═══ Supplied data

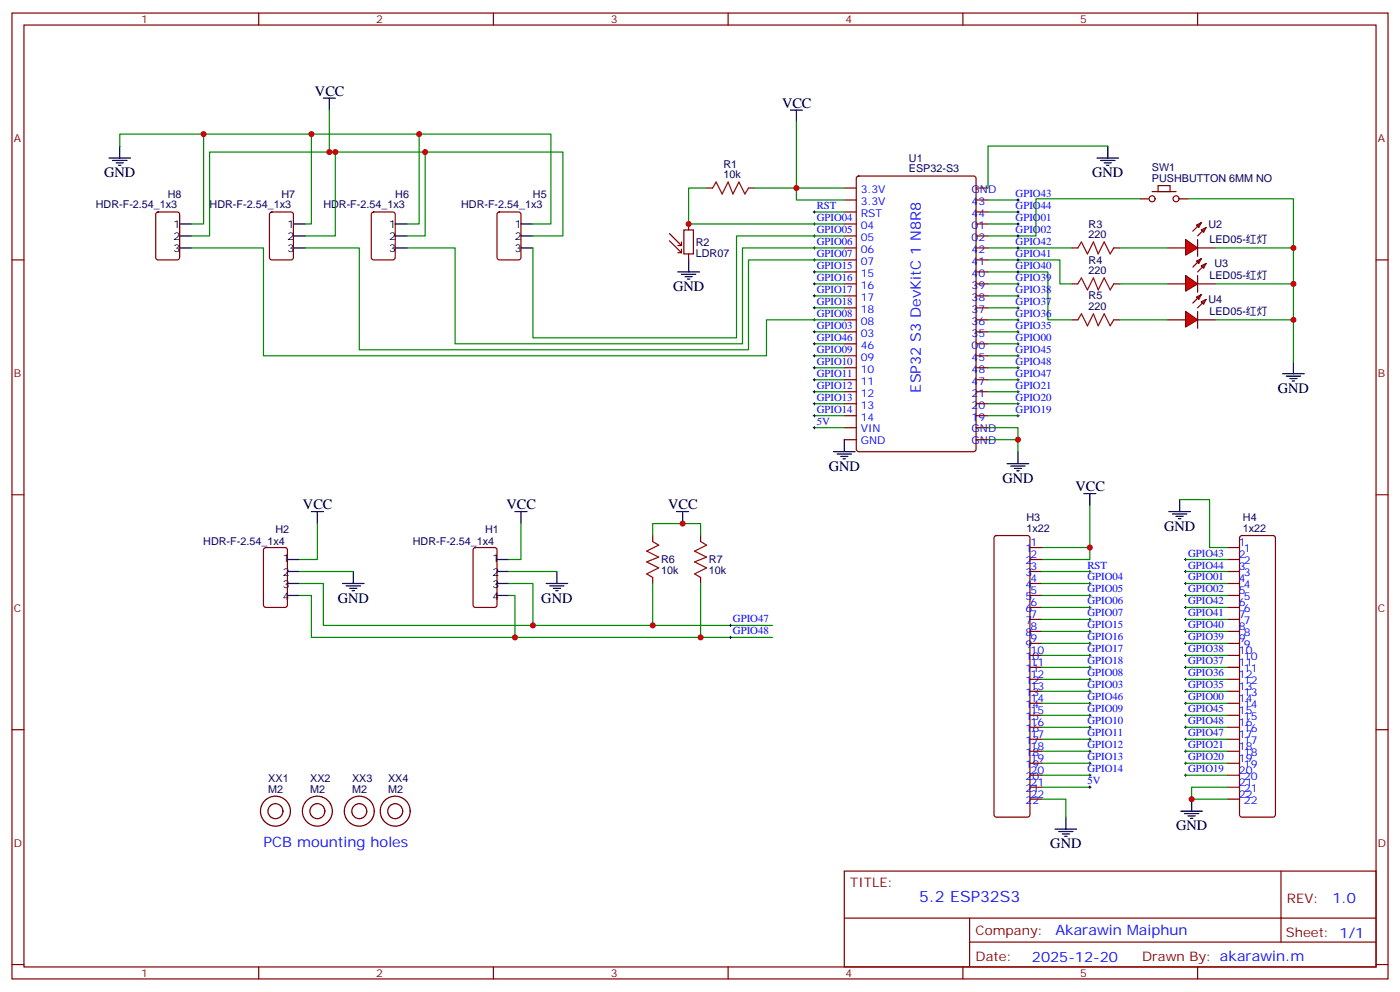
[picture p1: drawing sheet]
<svg xmlns="http://www.w3.org/2000/svg" width="412mm" height="292mm" viewBox="0 0 412 292" stroke-linecap="round" stroke-linejoin="round" font-family="sans-serif">
<g fill="none" stroke="#870000" stroke-width=".35">
<path d="M3.5 3.8h405.4v284.4h-405.4zM7.1 7.4h398.2v277.3h-398.2zM76.2 3.8v3.6M145.3 3.8v3.6M214.5 3.8v3.6M283.6 3.8v3.6M352.8 3.8v3.6M208.1 55.4h1.8M220.5 55.4h1.7M248.7 55.4h3.5M248.7 58.9h3.5M252.5 52l.4-.2h33.9l.7 .5v80l-.4 .6-34.2 .1-.6-.5-.1-80z"/>
<path d="M287.5 55.4h3.5M287.5 58.9h3.5M335.8 58.5h2.5M339.4 56.4h7M341.1 54.6h3.6v1.8h-3.6zM347.5 58.5h2.5M3.5 76.5h3.6M248.7 76.5h3.5M248.7 62.4h3.5M248.7 65.9h3.5M248.7 69.5h3.5M248.7 73h3.5"/>
<path d="M287.5 76.5h3.5M287.5 62.4h3.5M287.5 65.9h3.5M287.5 69.5h3.5M287.5 73h3.5M315.7 73h1.8M328.1 73h1.7M344 73h5.2M352.4 66.3l1.4-.7-.7 1.4zM352.8 73h5.3M353.8 67.7l1.4-.7-.7 1.4zM353.8 65.6l-2.4 2.5"/>
<path d="M355.2 67l-2.4 2.5M405.3 76.5h3.6M248.7 80h3.5M248.7 83.6h3.5M248.7 87.1h3.5M248.7 90.6h3.5M248.7 94.2h3.5M248.7 97.7h3.5M287.5 80h3.5M287.5 83.6h3.5M287.5 87.1h3.5M287.5 90.6h3.5"/>
<path d="M287.5 94.2h3.5M287.5 97.7h3.5M315.7 83.6h1.8M315.7 94.2h1.8M328.1 83.6h1.7M328.1 94.2h1.7M248.7 101.2h3.5M248.7 104.7h3.5M248.7 108.3h3.5M248.7 111.8h3.5M248.7 115.3h3.5M248.7 118.9h3.5"/>
<path d="M287.5 101.2h3.5M287.5 104.7h3.5M287.5 108.3h3.5M287.5 111.8h3.5M287.5 115.3h3.5M287.5 118.9h3.5M248.7 122.4h3.5M248.7 125.9h3.5M248.7 129.4h3.5M287.5 122.4h3.5M287.5 125.9h3.5M287.5 129.4h3.5"/>
<path d="M3.5 145.7h3.6M405.3 145.7h3.6M3.5 214.8h3.6M405.3 214.8h3.6M248.7 256.4h156.6v28.3h-156.6zM377.3 256.5v20.8M248.7 270.3h156.5M285.6 277.3h119.6M285.6 270.3v14.1M3.5 284h3.6M76.2 284.7v3.5M145.3 284.7v3.5"/>
<path d="M214.5 284.7v3.5M283.6 284.7v3.5M352.8 284.7v3.5M405.3 284h3.6"/>
<circle cx="339.4" cy="58.5" r=".88"/>
<circle cx="346.4" cy="58.5" r=".88"/>
</g>
<g fill="none" stroke="#000" stroke-width=".35">
<path d="M232.8 32.4h3.6M234.6 32.4v3.5M323.1 46.5h6.4M324.2 47.2h4.2M325.3 47.9h2.1M326 48.6h.7M326.3 43v3.5M202.8 76.5v3.5M199.7 80h6.3M200.7 80.8h4.3M201.8 81.5h2.1M202.5 82.2h.7"/>
<path d="M245.5 133h6.4M246.6 133.7h4.2M247.6 134.4h2.2M248.4 135.1h.7M248.7 129.4v3.6M296.7 136.5h6.3M297.7 137.2h4.3M298.8 137.9h2.1M299.5 138.6h.7M299.9 133v3.5"/>
</g>
<g fill="none" stroke="#008700" stroke-width=".35">
<path d="M234.6 35.9v19.5h14.1M222.2 55.4h12.4v3.5h14.1M291 58.9h8.9M326.3 43h-35.3v12.4M335.8 58.5h-30.6v11h-14.2M239.9 62.4h8.8M291 76.5h21.2v7.1h3.5M291 62.4h8.9M291 65.9h8.9M291 73h24.7M239.9 80h8.8M239.9 83.6h8.8"/>
<path d="M239.9 87.1h8.8M239.9 90.6h8.8M239.9 97.7h8.8M291 80h17.7v14.2h7M239.9 104.7h8.8M239.9 101.2h8.8M239.9 108.3h8.8M239.9 111.8h8.8M239.9 115.3h8.8M239.9 118.9h8.8M239.9 122.4h8.8M239.9 125.9h8.8"/>
<path d="M291 125.9h8.9v7.1M291 129.4h8.9"/>
</g>
<path d="M209.9 55.4l1.1-1.8 1.7 3.5 1.8-3.5 1.4 3.5 1.8-3.5 1.7 3.5 1.1-1.7M317.5 73l1.1-1.8 1.7 3.6 1.8-3.6 1.4 3.6 1.8-3.6 1.7 3.6 1.1-1.8M317.5 83.6l1.1-1.8 1.7 3.5 1.8-3.5 1.4 3.5 1.8-3.5 1.7 3.5 1.1-1.7M317.5 94.2l1.1-1.8 1.7 3.5 1.8-3.5 1.4 3.5 1.8-3.5 1.7 3.5 1.1-1.7" fill="none" stroke="#a10000" stroke-width=".35"/>
<g fill="none" stroke="#000" stroke-width=".29">
<path d="M299.5 58.9h.7M299.9 58.5v.7M239.5 62.4h.7M239.5 65.9h.7M239.5 69.5h.7M239.5 73h.7M239.5 76.5h.7M239.9 62.1v.7M239.9 65.6v.7M239.9 69.1v.7M239.9 72.6v.7M239.9 76.2v.7"/>
<path d="M239.9 79.7v.7M299.5 62.4h.7M299.5 65.9h.7M299.5 69.5h.7M299.5 73h.7M299.5 76.5h.7M299.9 62.1v.7M299.9 65.6v.7M299.9 69.1v.7M299.9 72.6v.7M299.9 76.2v.7M299.9 79.7v.7"/>
<path d="M239.5 97.7h.7M239.5 94.2h.7M239.5 80h.7M239.5 83.6h.7M239.5 87.1h.7M239.5 90.6h.7M239.9 83.2v.7M239.9 86.7v.8M239.9 90.3v.7M239.9 93.8v.7M239.9 97.3v.7M299.5 97.7h.7"/>
<path d="M299.5 94.2h.7M299.5 80h.7M299.5 83.6h.7M299.5 87.1h.7M299.5 90.6h.7M299.9 83.2v.7M299.9 86.7v.8M299.9 90.3v.7M299.9 93.8v.7M299.9 97.3v.7M239.5 104.7h.7M239.5 108.3h.7"/>
<path d="M239.5 111.8h.7M239.5 115.3h.7M239.5 118.9h.7M239.5 101.2h.7M239.9 100.9v.7M239.9 104.4v.7M239.9 107.9v.7M239.9 111.4v.7M239.9 115v.7M239.9 118.5v.7M299.5 104.7h.7M299.5 108.3h.7"/>
<path d="M299.5 111.8h.7M299.5 115.3h.7M299.5 118.9h.7M299.5 101.2h.7M299.9 100.9v.7M299.9 104.4v.7M299.9 107.9v.7M299.9 111.4v.7M299.9 115v.7M299.9 118.5v.7M239.5 122.4h.7M239.5 125.9h.7"/>
<path d="M239.9 122v.7M239.9 125.6v.7M299.5 122.4h.7M299.9 122v.7"/>
</g>
<path d="M349.2 70.5l3.6 2.5-3.6 2.1z" fill="#f00" stroke="#870000" stroke-width=".35"/>
<path d="M352.4 76.9l1.4-.7-.7 1.4zM352.8 70.5v5M353.8 78.3l1.4-.7-.7 1.4zM353.8 76.2l-2.4 2.4M355.2 77.6l-2.4 2.4M344 83.6h5.2M352.8 83.6h5.3" fill="none" stroke="#870000" stroke-width=".35"/>
<path d="M349.2 81.1l3.6 2.5-3.6 2.1z" fill="#f00" stroke="#870000" stroke-width=".35"/>
<path d="M344 94.2h5.2M352.4 87.5l1.4-.8-.7 1.5zM352.8 81.1v4.9M352.8 94.2h5.3M353.8 88.9l1.4-.7-.7 1.4zM353.8 86.7l-2.4 2.5M355.2 88.2l-2.4 2.4" fill="none" stroke="#870000" stroke-width=".35"/>
<path d="M349.2 91.7l3.6 2.5-3.6 2.1z" fill="#f00" stroke="#870000" stroke-width=".35"/>
<g fill="none" stroke="#870000" stroke-width=".35">
<path d="M46.1 62.6l.5-.2h5.6l.7 .4v13l-.4 .7h-5.9l-.7-.4v-13zM79.6 62.6l.5-.2h5.6l.7 .4v13l-.4 .7h-5.9l-.7-.4v-13zM109.6 62.6l.5-.2h5.6l.7 .4v13l-.4 .7h-5.9l-.7-.4v-13zM146.6 62.6l.5-.2h5.7l.6 .4 .1 13-.5 .7h-5.9l-.6-.4-.1-13zM352.8 91.7v4.9M192.3 157.7v1.7M206.4 157.7v1.7M293 157.9l.5-.2h9.2l.5 .2 .2 .5v81.5l-.2 .5-.5 .2h-9.2l-.5-.3-.2-.4v-81.5zM365.4 157.9l.4-.2h9.2l.5 .2 .2 .5v81.5l-.2 .5-.5 .2h-9.2l-.5-.3-.2-.4v-81.5zM77.8 161.4l.5-.2h5.7l.6 .4 .1 16.5-.5 .7h-5.9l-.6-.4-.1-16.5zM139.6 161.4l.5-.2h5.6l.6 .4 .1 16.5-.5 .7h-5.8l-.7-.4-.1-16.5zM192.3 170v1.8"/>
<path d="M206.4 170v1.8M303.4 161.2h3.5M303.4 164.7h3.5M303.4 168.2h3.5M303.4 171.8h3.5M303.4 175.3h3.5M303.4 178.8h3.5M361.6 161.2h3.5M361.6 164.7h3.5M361.6 168.2h3.5M361.6 171.8h3.5M361.6 175.3h3.5"/>
<path d="M361.6 178.8h3.5M303.4 182.4h3.5M303.4 185.9h3.5M303.4 189.4h3.5M303.4 192.9h3.5M303.4 196.5h3.5M303.4 200h3.5M361.6 182.4h3.5M361.6 185.9h3.5M361.6 189.4h3.5M361.6 192.9h3.5M361.6 196.5h3.5"/>
<path d="M361.6 200h3.5M303.4 203.5h3.5M303.4 207h3.5M303.4 210.6h3.5M303.4 214.1h3.5M303.4 217.6h3.5M361.6 203.5h3.5M361.6 207h3.5M361.6 210.6h3.5M361.6 214.1h3.5M361.6 217.6h3.5M303.4 221.2h3.5"/>
<path d="M303.4 224.7h3.5M303.4 228.2h3.5M303.4 231.7h3.5M303.4 235.3h3.5M361.6 221.2h3.5M361.6 224.7h3.5M361.6 228.2h3.5M361.6 231.7h3.5M361.6 235.3h3.5"/>
</g>
<g fill="none" stroke="#008700" stroke-width=".35">
<path d="M60 39.5v26.4h-3.6M91.7 39.5v26.4h-1.7M97 32.4v12.4h68.8v24.7h-8.8M123.5 39.5v26.4h-3.6M35.3 43v-3.5h127v26.4h-5.3M97 44.8h-35.3v24.7h-5.3M98.8 44.8v24.7h-8.8M125.2 44.8v24.7h-5.3M208.1 55.4h-5.3v10.5h45.9M350 58.5h31v48M56.4 73h21.2v31.7h148.2v-10.5h22.9M90 73h15.8v30h114.7v-26.5h28.2"/>
<path d="M119.9 73h14.2v28.2h84.6v-28.2h30M248.7 69.5h-31.7v29.9h-60v-26.4M329.8 73h14.2M358.1 73h22.9M291 83.6h8.9M291 94.2h8.9M291 87.1h8.9M291 90.6h8.9M291 97.7h8.9M329.8 83.6h14.2M329.8 94.2h14.2M358.1 83.6h22.9"/>
<path d="M358.1 94.2h22.9M291 101.2h8.9M291 104.7h8.9M291 108.3h8.9M291 111.8h8.9M291 115.3h8.9M291 118.9h8.9M291 122.4h8.9M93.5 154.1v10.6h-5.3M153.5 154.1v10.6h-3.6M192.3 157.7v-3.6h14.1v3.6M321 148.8v12.4h-14.1"/>
<path d="M347.5 147.1h8.8v14.1h5.3M88.2 171.8h7v12.3h132.3M88.2 175.3h3.5v12.3h135.8M88.2 168.2h15.9M149.9 171.8h7.1v12.3M149.9 175.3h1.8v12.3M149.9 168.2h14.1M192.3 171.8v12.3M206.4 171.8v15.8M306.9 168.2h14.1M306.9 178.8h14.1M306.9 175.3h14.1"/>
<path d="M306.9 171.8h14.1M321 161.2v3.5h-14.1M349.2 168.2h12.4M349.2 178.8h12.4M349.2 175.3h12.4M349.2 171.8h12.4M349.2 164.7h12.4M306.9 200h14.1M306.9 196.5h14.1M306.9 192.9h14.1M306.9 189.4h14.1M306.9 185.9h14.1"/>
<path d="M306.9 182.4h14.1M349.2 200h12.4M349.2 196.5h12.4M349.2 192.9h12.4M349.2 189.4h12.4M349.2 185.9h12.4M349.2 182.4h12.4M306.9 207h14.1M306.9 217.6h14.1M306.9 214.1h14.1M306.9 210.6h14.1M306.9 203.5h14.1"/>
<path d="M349.2 217.6h12.4M349.2 214.1h12.4M349.2 210.6h12.4M349.2 203.5h12.4M349.2 207h12.4M306.9 228.2h14.1M306.9 235.3h7.1v5.3M306.9 224.7h14.1M306.9 221.2h14.1M306.9 231.7h14.1M349.2 224.7h12.4M349.2 221.2h12.4"/>
<path d="M349.2 228.2h12.4M361.6 231.7h-10.6v3.6h10.6"/>
</g>
<g fill="none" stroke="#000" stroke-width=".35">
<path d="M95.2 28.9h3.6M97 28.9v3.5M32.1 46.5h6.4M33.2 47.2h4.2M34.2 47.9h2.1M34.9 48.6h.7M35.3 43v3.5M52.9 73h3.5M52.9 65.9h3.5M52.9 69.5h3.5M86.4 73h3.6M86.4 65.9h3.6"/>
<path d="M86.4 69.5h3.6M116.4 73h3.5M116.4 65.9h3.5M116.4 69.5h3.5M153.5 73h3.5M153.5 65.9h3.5M153.5 69.5h3.5M377.8 110h6.4M378.9 110.7h4.2M379.9 111.4h2.2M380.6 112.1h.8M381 106.5v3.5"/>
<path d="M91.7 150.6h3.5M93.5 150.6v3.5M151.7 150.6h3.5M153.5 150.6v3.5M199.3 150.6h3.5M201.1 150.6v3.5M319.3 145.3h3.5M321 145.3v3.5M344.3 150.6h6.4M345.4 151.3h4.2M346.4 152h2.1M347.1 152.7h.7"/>
<path d="M347.5 147.1v3.5M84.7 164.7h3.5M84.7 168.2h3.5M84.7 171.8h3.5M84.7 175.3h3.5M100.9 171.8h6.3M102 172.5h4.2M103 173.2h2.1M103.7 173.9h.7M104.1 168.2v3.6M146.4 164.7h3.5M146.4 168.2h3.5"/>
<path d="M146.4 171.8h3.5M146.4 175.3h3.5M160.9 171.8h6.3M161.9 172.5h4.3M163 173.2h2.1M163.7 173.9h.7M164 168.2v3.6M347.8 238.8h6.4M348.9 239.5h4.2M351 235.3v3.5M310.8 244.1h6.3M311.9 244.8h4.2"/>
<path d="M312.9 245.5h2.1M313.6 246.2h.7M314 240.6v3.5M350 240.2h2.1M350.7 240.9h.7"/>
</g>
<g fill="none" stroke="#000" stroke-width=".29">
<path d="M320.7 168.2h.7M320.7 171.8h.7M320.7 175.3h.7M320.7 178.8h.7M321 167.9v.7M321 171.4v.7M321 174.9v.7M321 178.5v.7M348.9 168.2h.7M348.9 171.8h.7M348.9 175.3h.7M348.9 178.8h.7"/>
<path d="M348.9 164.7h.7M349.2 164.4v.7M349.2 167.9v.7M349.2 171.4v.7M349.2 174.9v.7M349.2 178.5v.7M214.8 184.1h.7M214.8 187.6h.7M215.2 183.8v.7M215.2 187.3v.7M320.7 182.4h.7M320.7 200h.7"/>
<path d="M320.7 185.9h.7M320.7 189.4h.7M320.7 192.9h.7M320.7 196.5h.7M321 182v.7M321 185.5v.7M321 189.1v.7M321 192.6v.7M321 196.1v.7M321 199.6v.7M348.9 182.4h.7M348.9 200h.7"/>
<path d="M348.9 185.9h.7M348.9 189.4h.7M348.9 192.9h.7M348.9 196.5h.7M349.2 182v.7M349.2 185.5v.7M349.2 189.1v.7M349.2 192.6v.7M349.2 196.1v.7M349.2 199.6v.7M320.7 203.5h.7M320.7 210.6h.7"/>
<path d="M320.7 214.1h.7M320.7 217.6h.7M320.7 207h.7M321 203.2v.7M321 206.7v.7M321 210.2v.7M321 213.7v.8M321 217.3v.7M348.9 203.5h.7M348.9 210.6h.7M348.9 214.1h.7M348.9 217.6h.7"/>
<path d="M348.9 207h.7M349.2 203.2v.7M349.2 206.7v.7M349.2 210.2v.7M349.2 213.7v.8M349.2 217.3v.7M320.7 221.2h.7M320.7 224.7h.7M320.7 228.2h.7M320.7 231.7h.7M321 220.8v.7M321 224.3v.7"/>
<path d="M321 227.9v.7M321 231.4v.7M348.9 221.2h.7M348.9 224.7h.7M348.9 228.2h.7M349.2 220.8v.7M349.2 224.3v.7M349.2 227.9v.7"/>
</g>
<path d="M192.3 159.4l1.7 1.1-3.5 1.7 3.5 1.8-3.5 1.4 3.5 1.8-3.5 1.7 1.8 1.1M206.4 159.4l1.7 1.1-3.5 1.7 3.5 1.8-3.5 1.4 3.5 1.8-3.5 1.7 1.8 1.1" fill="none" stroke="#a10000" stroke-width=".35"/>
<g fill="none" stroke="#300" stroke-width=".35">
<circle cx="81.1" cy="238.8" r="4.4"/>
<circle cx="81.1" cy="238.8" r="2.2"/>
<circle cx="93.5" cy="238.8" r="4.4"/>
<circle cx="93.5" cy="238.8" r="2.2"/>
<circle cx="105.8" cy="238.8" r="4.4"/>
<circle cx="105.8" cy="238.8" r="2.2"/>
<circle cx="116.4" cy="238.8" r="4.4"/>
<circle cx="116.4" cy="238.8" r="2.2"/>
</g>
<path d="M197.2 70.9l3.5 3.5M197.2 68.8l3.5 3.5M199.7 74.4h1M199.7 72.3h1M200.7 71.2v1.1M200.7 73.3v1.1M201.4 67.7h2.9v7.1h-2.9zM202.8 65.9v1.8M202.8 74.8v1.7" fill="none" stroke="#850000" stroke-width=".35"/>
<g fill="#c00">
<circle cx="234.6" cy="55.4" r=".88"/>
<circle cx="299.9" cy="129.4" r=".88"/>
<circle cx="381" cy="73" r=".88"/>
<circle cx="381" cy="83.6" r=".88"/>
<circle cx="381" cy="94.2" r=".88"/>
<circle cx="60" cy="39.5" r=".88"/>
<circle cx="91.7" cy="39.5" r=".88"/>
<circle cx="123.5" cy="39.5" r=".88"/>
<circle cx="97" cy="44.8" r=".88"/>
<circle cx="98.8" cy="44.8" r=".88"/>
<circle cx="125.2" cy="44.8" r=".88"/>
<circle cx="157" cy="184.1" r=".88"/>
<circle cx="151.7" cy="187.6" r=".88"/>
<circle cx="192.3" cy="184.1" r=".88"/>
<circle cx="201.1" cy="154.1" r=".88"/>
<circle cx="206.4" cy="187.6" r=".88"/>
<circle cx="321" cy="161.2" r=".88"/>
<circle cx="351" cy="235.3" r=".88"/>
<circle cx="202.8" cy="65.9" r=".88"/>
</g>
<text font-size="4.6" fill="#00f" x="270.8" y="265.5">5.2 ESP32S3</text>
<g font-size="4.2">
<text x="92.8" y="28.2">VCC</text>
<text x="230.4" y="31.7">VCC</text>
<text x="30.7" y="52.2">GND</text>
<text x="321.7" y="52.2">GND</text>
<text x="198.3" y="85.7">GND</text>
<text x="376.4" y="115.7">GND</text>
<text x="244.1" y="138.6">GND</text>
<text x="295.3" y="142.1">GND</text>
<text x="89.3" y="149.9">VCC</text>
<text x="149.2" y="149.9">VCC</text>
<text x="196.8" y="149.9">VCC</text>
<text x="316.8" y="144.6">VCC</text>
<text x="342.9" y="156.2">GND</text>
<text x="99.5" y="177.4">GND</text>
<text x="159.5" y="177.4">GND</text>
<text x="346.4" y="244.4">GND</text>
<text x="309.4" y="249.7">GND</text>
</g>
<g font-size="4.2" fill="#00f">
<text x="271.3" y="115.6" transform="rotate(-90 271.3 115.6)">ESP32 S3 DevKitC 1 N8R8</text>
<text x="77.6" y="249.4">PCB mounting holes</text>
<text x="392.5" y="265.7">1.0</text>
<text x="310.9" y="275.3">Akarawin Maiphun</text>
<text x="304" y="283.1">2025-12-20</text>
</g>
<g font-size="3.9" fill="#800">
<text x="250.5" y="261">TITLE:</text>
<text x="379.1" y="265.7">REV:</text>
<text x="287.4" y="275.2">Company:</text>
<text x="378.7" y="275.8">Sheet: 1/1</text>
<text x="287.4" y="282.9">Date:</text>
<text x="336.4" y="283">Drawn By: akarawin.m</text>
</g>
<g font-size="3.2" fill="#800">
<text x="41.6" y="6.8">1</text>
<text x="110.8" y="6.8">2</text>
<text x="179.9" y="6.8">3</text>
<text x="249.1" y="6.8">4</text>
<text x="318.2" y="6.8">5</text>
<text x="4.1" y="41.9">A</text>
<text x="405.9" y="41.9">A</text>
<text x="4.1" y="111.1">B</text>
<text x="405.9" y="111.1">B</text>
<text x="4.1" y="180.2">C</text>
<text x="405.9" y="180.2">C</text>
<text x="4.1" y="249.4">D</text>
<text x="405.9" y="249.4">D</text>
<text x="41.6" y="287.7">1</text>
<text x="110.8" y="287.7">2</text>
<text x="179.9" y="287.7">3</text>
<text x="249.1" y="287.7">4</text>
<text x="318.2" y="287.7">5</text>
</g>
<g font-size="3.2" fill="#000080">
<text x="267.7" y="47.5">U1</text>
<text x="213.1" y="52.5">10k</text>
<text x="213.1" y="49.4">R1</text>
<text x="267.7" y="50.8">ESP32-S3</text>
<text x="339.3" y="53.6">PUSHBUTTON 6MM NO</text>
<text x="339.3" y="50.4">SW1</text>
<text x="49.4" y="58.2">H8</text>
<text x="82.9" y="58.2">H7</text>
<text x="116.4" y="58.2">H6</text>
<text x="157" y="58.2">H5</text>
<text x="28.2" y="61.3">HDR-F-2.54_1x3</text>
<text x="61.7" y="61.3">HDR-F-2.54_1x3</text>
<text x="95.3" y="61.3">HDR-F-2.54_1x3</text>
<text x="135.8" y="61.3">HDR-F-2.54_1x3</text>
<text x="320.7" y="70.2">220</text>
<text x="320.7" y="67">R3</text>
<text x="356" y="67.1">U2</text>
<text x="356.3" y="71.6">LED05-红灯</text>
<text x="205" y="75.6">LDR07</text>
<text x="205" y="72.3">R2</text>
<text x="320.7" y="77.6">R4</text>
<text x="320.7" y="80.8">220</text>
<text x="356.3" y="82.2">LED05-红灯</text>
<text x="357.7" y="78.7">U3</text>
<text x="320.7" y="88.2">R5</text>
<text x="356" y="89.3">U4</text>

══════

_What the task requires_: What you return must match the lines from the top of the data through the line with "145.7h3.6M405.3 145.7h3.6M3.5 214.8h3.6M405.3" exactly, with the pictures removed.

_Answer_:
[picture p1: drawing sheet]
<svg xmlns="http://www.w3.org/2000/svg" width="412mm" height="292mm" viewBox="0 0 412 292" stroke-linecap="round" stroke-linejoin="round" font-family="sans-serif">
<g fill="none" stroke="#870000" stroke-width=".35">
<path d="M3.5 3.8h405.4v284.4h-405.4zM7.1 7.4h398.2v277.3h-398.2zM76.2 3.8v3.6M145.3 3.8v3.6M214.5 3.8v3.6M283.6 3.8v3.6M352.8 3.8v3.6M208.1 55.4h1.8M220.5 55.4h1.7M248.7 55.4h3.5M248.7 58.9h3.5M252.5 52l.4-.2h33.9l.7 .5v80l-.4 .6-34.2 .1-.6-.5-.1-80z"/>
<path d="M287.5 55.4h3.5M287.5 58.9h3.5M335.8 58.5h2.5M339.4 56.4h7M341.1 54.6h3.6v1.8h-3.6zM347.5 58.5h2.5M3.5 76.5h3.6M248.7 76.5h3.5M248.7 62.4h3.5M248.7 65.9h3.5M248.7 69.5h3.5M248.7 73h3.5"/>
<path d="M287.5 76.5h3.5M287.5 62.4h3.5M287.5 65.9h3.5M287.5 69.5h3.5M287.5 73h3.5M315.7 73h1.8M328.1 73h1.7M344 73h5.2M352.4 66.3l1.4-.7-.7 1.4zM352.8 73h5.3M353.8 67.7l1.4-.7-.7 1.4zM353.8 65.6l-2.4 2.5"/>
<path d="M355.2 67l-2.4 2.5M405.3 76.5h3.6M248.7 80h3.5M248.7 83.6h3.5M248.7 87.1h3.5M248.7 90.6h3.5M248.7 94.2h3.5M248.7 97.7h3.5M287.5 80h3.5M287.5 83.6h3.5M287.5 87.1h3.5M287.5 90.6h3.5"/>
<path d="M287.5 94.2h3.5M287.5 97.7h3.5M315.7 83.6h1.8M315.7 94.2h1.8M328.1 83.6h1.7M328.1 94.2h1.7M248.7 101.2h3.5M248.7 104.7h3.5M248.7 108.3h3.5M248.7 111.8h3.5M248.7 115.3h3.5M248.7 118.9h3.5"/>
<path d="M287.5 101.2h3.5M287.5 104.7h3.5M287.5 108.3h3.5M287.5 111.8h3.5M287.5 115.3h3.5M287.5 118.9h3.5M248.7 122.4h3.5M248.7 125.9h3.5M248.7 129.4h3.5M287.5 122.4h3.5M287.5 125.9h3.5M287.5 129.4h3.5"/>
<path d="M3.5 145.7h3.6M405.3 145.7h3.6M3.5 214.8h3.6M405.3 214.8h3.6M248.7 256.4h156.6v28.3h-156.6zM377.3 256.5v20.8M248.7 270.3h156.5M285.6 277.3h119.6M285.6 270.3v14.1M3.5 284h3.6M76.2 284.7v3.5M145.3 284.7v3.5"/>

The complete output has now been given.